IWSLT testing to start from compressed file #1596

parmeet · 2022-02-09T05:56:32Z

Original Credit: @erip

This PR did some changes on top of #1585 to fix failing tests. The main changes include:

Removal of uncompressed directories to make sure the dataset is actually doing the extraction
Removal of code block that conditionally write uncleaned files
Creation of new base directory with every parameterized test call to make sure no artifacts are left from other tests

…age.

…ort langpairs.

…xpectations match.

parmeet · 2022-02-09T14:44:39Z

@erip hope the changes in the PR make sense. Let me know if you catch anything unusual or out of your expectation.

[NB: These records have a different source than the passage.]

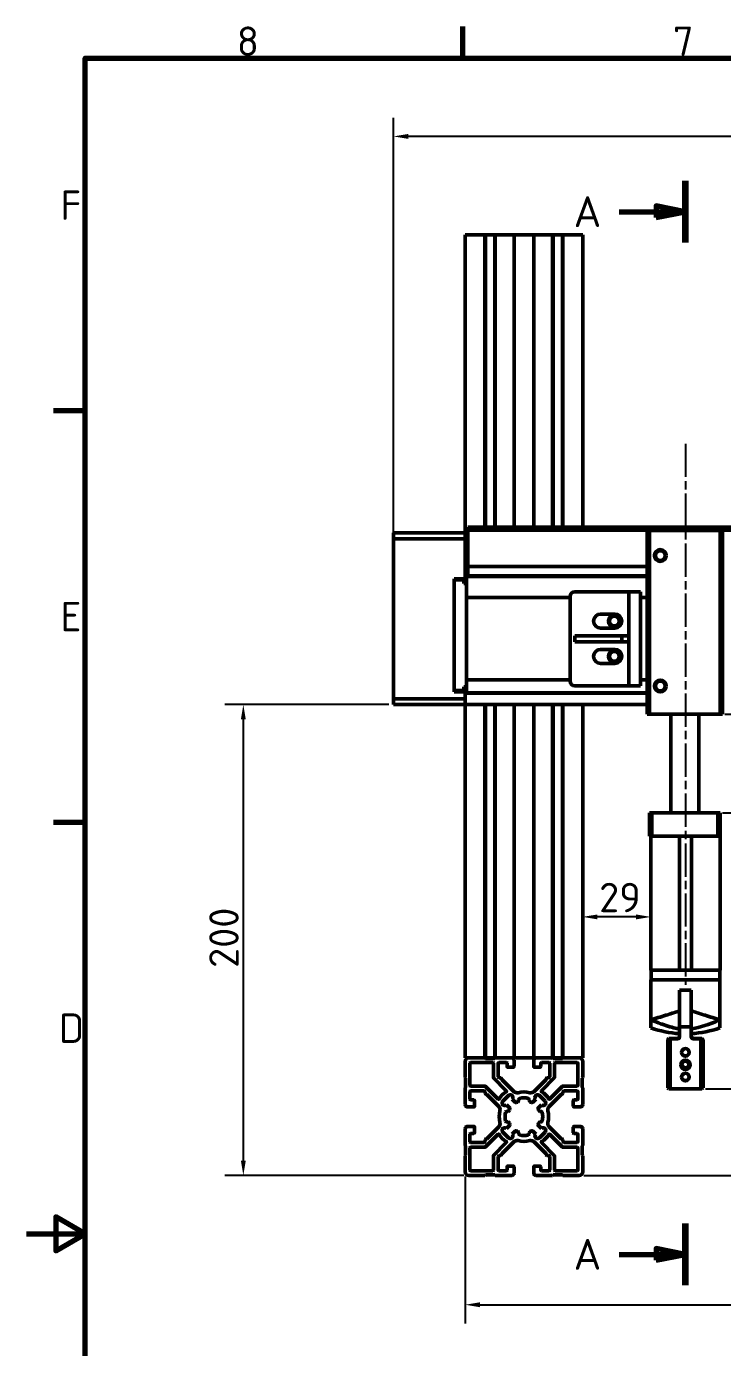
# Model space of a CAD drawing. Header units: millimetres. Extents: x 0 to 2376, y 0 to 1680.
# Drawn here: x 0 to 474, y 763 to 1662 of the extents above; entities that cross this region are included whole.
import ezdxf

# ---------------------------------------------------------------- set-up
doc = ezdxf.new("R2010")
doc.units = ezdxf.units.MM
doc.header["$LTSCALE"] = 4
doc.linetypes.add('CHAIN', pattern=[0.3543, 0.2362, -0.0295, 0.0591, -0.0295])
for name, color, linetype, lineweight in [('Border (ISO)', 7, 'Continuous', 70), ('Centerline (ISO)', 7, 'Continuous', 25), ('Dimension (ISO)', 7, 'Continuous', 25), ('Section Line (ISO)', 7, 'CHAIN', 70), ('Visible (ISO)', 7, 'Continuous', 50)]:
    doc.layers.add(name, color=color, linetype=linetype, lineweight=lineweight)
doc.styles.add('Label Text (DIN)', font='isocpeur.ttf')
doc.styles.add('Note Text (DIN)', font='isocpeur.ttf')
doc.dimstyles.new('AA-DT', dxfattribs={"dimscale": 4, "dimtxt": 5, "dimasz": 2.5, "dimexe": 3.175, "dimexo": 0.8, "dimgap": 0.8, "dimtad": 1, "dimdec": 0, "dimrnd": 1e-08, "dimzin": 0, "dimtxsty": 'Note Text (DIN)', "dimcen": 0.09, "dimdle": 10, "dimclrd": 5, "dimclre": 5, "dimclrt": 256, "dimadec": 0, "dimazin": 0, "dimtfac": 1, "dimtmove": 0, "dimatfit": 3, "dimfxl": 1, "dimtolj": 1, "dimtzin": 0, "dimlwd": -1, "dimlwe": -1, "dimarcsym": 0})
doc.dimstyles.new('Default (DIN)', dxfattribs={"dimscale": 4, "dimtxt": 5, "dimasz": 2.5, "dimexe": 3.175, "dimexo": 0.8, "dimgap": 0.8, "dimtad": 1, "dimdec": 0, "dimrnd": 1e-08, "dimzin": 0, "dimtxsty": 'Note Text (DIN)', "dimcen": 0.09, "dimdle": 10, "dimclrd": 5, "dimclre": 5, "dimclrt": 256, "dimadec": 0, "dimazin": 0, "dimtfac": 1, "dimtmove": 0, "dimatfit": 3, "dimfxl": 1, "dimtolj": 1, "dimtzin": 0, "dimlwd": -1, "dimlwe": -1, "dimarcsym": 0})

# ---------------------------------------------------------------- blocks, each defined once
blk = doc.blocks.new('Borders Default Border')
at = {"layer": 'Border (ISO)'}
for p, q in [((74.25, 410), (74.25, 415.4)), ((10, 350), (4.6, 350)), ((10, 280), (4.6, 280))]:
    blk.add_line(p, q, dxfattribs=at)
at = {"layer": 'Border (ISO)', "flags": 128}
for points in [[(10, 10), (10, 410), (584, 410), (584, 10), (10, 10)], [(0, 210), (10, 210), (5, 212.89), (5, 207.11), (10, 210)]]:
    blk.add_lwpolyline(points, dxfattribs=at)
at = {"layer": 'Border (ISO)', "char_height": 5, "attachment_point": 7, "style": 'Note Text (DIN)'}
for s, insert in [('8', (35.81, 410.4)), ('7', (110.05, 410.4)), ('F', (5.78, 382.5)), ('E', (5.78, 312.5)), ('D', (5.53, 242.5))]:
    blk.add_mtext(s, dxfattribs=dict(at, insert=insert))
blk = doc.blocks.new('*D5')
at = {"layer": 'Defpoints', "color": 0, "transparency": 16777216}
for p in [(472.26, 1193.77), (470.66, 1126.57), (563.22, 1126.57)]:
    blk.add_point(p, dxfattribs=at)
at = {"layer": 'Dimension (ISO)', "color": 5, "transparency": 16777216}
for p, q in [((475.46, 1193.77), (575.92, 1193.77)), ((563.22, 1183.77), (563.22, 1136.57)), ((473.86, 1126.57), (575.92, 1126.57)), ((563.22, 1034.08), (563.22, 1126.57)), ((747.62, 1034.08), (563.22, 1034.08))]:
    blk.add_line(p, q, dxfattribs=at)
for points in [[(561.55, 1183.77), (564.89, 1183.77), (563.22, 1193.77)], [(561.55, 1136.57), (564.89, 1136.57), (563.22, 1126.57)]]:
    blk.add_solid(points, dxfattribs=at)
at = {"layer": 'Dimension (ISO)', "transparency": 16777216, "insert": (576.42, 1057.3), "char_height": 20, "attachment_point": 1, "style": 'Note Text (DIN)'}
blk.add_mtext('\\A1; \\fISOCPEUR|b0|i0;{\\H20.0000;200 - CURSO}', dxfattribs=at)
blk = doc.blocks.new('2dTransSection0')
at = {"layer": 'Section Line (ISO)', "linetype": 'Continuous', "lineweight": 140}
for p, q in [((112.2, 378.63), (112.2, 389.16)), ((112.2, 201.25), (112.2, 211.78))]:
    blk.add_line(p, q, dxfattribs=at)
at = {"layer": 'Section Line (ISO)', "linetype": 'Continuous'}
for p, q in [((112.2, 383.89), (107.2, 384.89)), ((107.2, 384.89), (107.2, 382.89)), ((100.9, 383.89), (107.2, 383.89)), ((107.2, 383.89), (112.2, 383.89)), ((107.2, 382.89), (112.2, 383.89)), ((112.2, 206.52), (107.2, 207.52)), ((107.2, 207.52), (107.2, 205.52)), ((100.9, 206.52), (107.2, 206.52)), ((107.2, 206.52), (112.2, 206.52)), ((107.2, 205.52), (112.2, 206.52))]:
    blk.add_line(p, q, dxfattribs=at)
at = {"layer": 'Section Line (ISO)', "linetype": 'Continuous', "flags": 128}
for points in [[(107.2, 382.89), (112.2, 383.89), (107.2, 384.89), (107.2, 382.89)], [(107.2, 205.52), (112.2, 206.52), (107.2, 207.52), (107.2, 205.52)]]:
    blk.add_lwpolyline(points, dxfattribs=at)
at = {"layer": 'Section Line (ISO)'}
for points in [[(107.2, 382.89), (112.2, 383.89), (107.2, 384.89), (107.2, 382.89)], [(107.2, 205.52), (112.2, 206.52), (107.2, 207.52), (107.2, 205.52)]]:
    blk.add_solid(points, dxfattribs=at)
at = {"layer": 'Section Line (ISO)', "char_height": 5.25, "attachment_point": 7, "style": 'Label Text (DIN)'}
for insert in [(93.13, 381.27), (93.13, 203.89)]:
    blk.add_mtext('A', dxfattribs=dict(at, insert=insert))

parmeet · 2022-02-09T15:01:12Z

Oh, actually wait. I think I still haven't implemented it correctly. It's about the temporary directory and what we are compressing as part of it. Let's not review it yet @Nayef211, @erip

parmeet · 2022-02-09T18:25:54Z

OK, I think we are good to go for review @Nayef211

codecov · 2022-02-09T18:49:50Z

Codecov Report

Merging #1596 (f66ae99) into main (da34de2) will increase coverage by 0.62%.
The diff coverage is n/a.

@@            Coverage Diff             @@
##             main    #1596      +/-   ##
==========================================
+ Coverage   80.34%   80.96%   +0.62%     
==========================================
  Files          58       58              
  Lines        2569     2569              
==========================================
+ Hits         2064     2080      +16     
+ Misses        505      489      -16

Impacted Files	Coverage Δ
torchtext/data/datasets_utils.py	`64.74% <0.00%> (+5.75%)`	⬆️

Continue to review full report at Codecov.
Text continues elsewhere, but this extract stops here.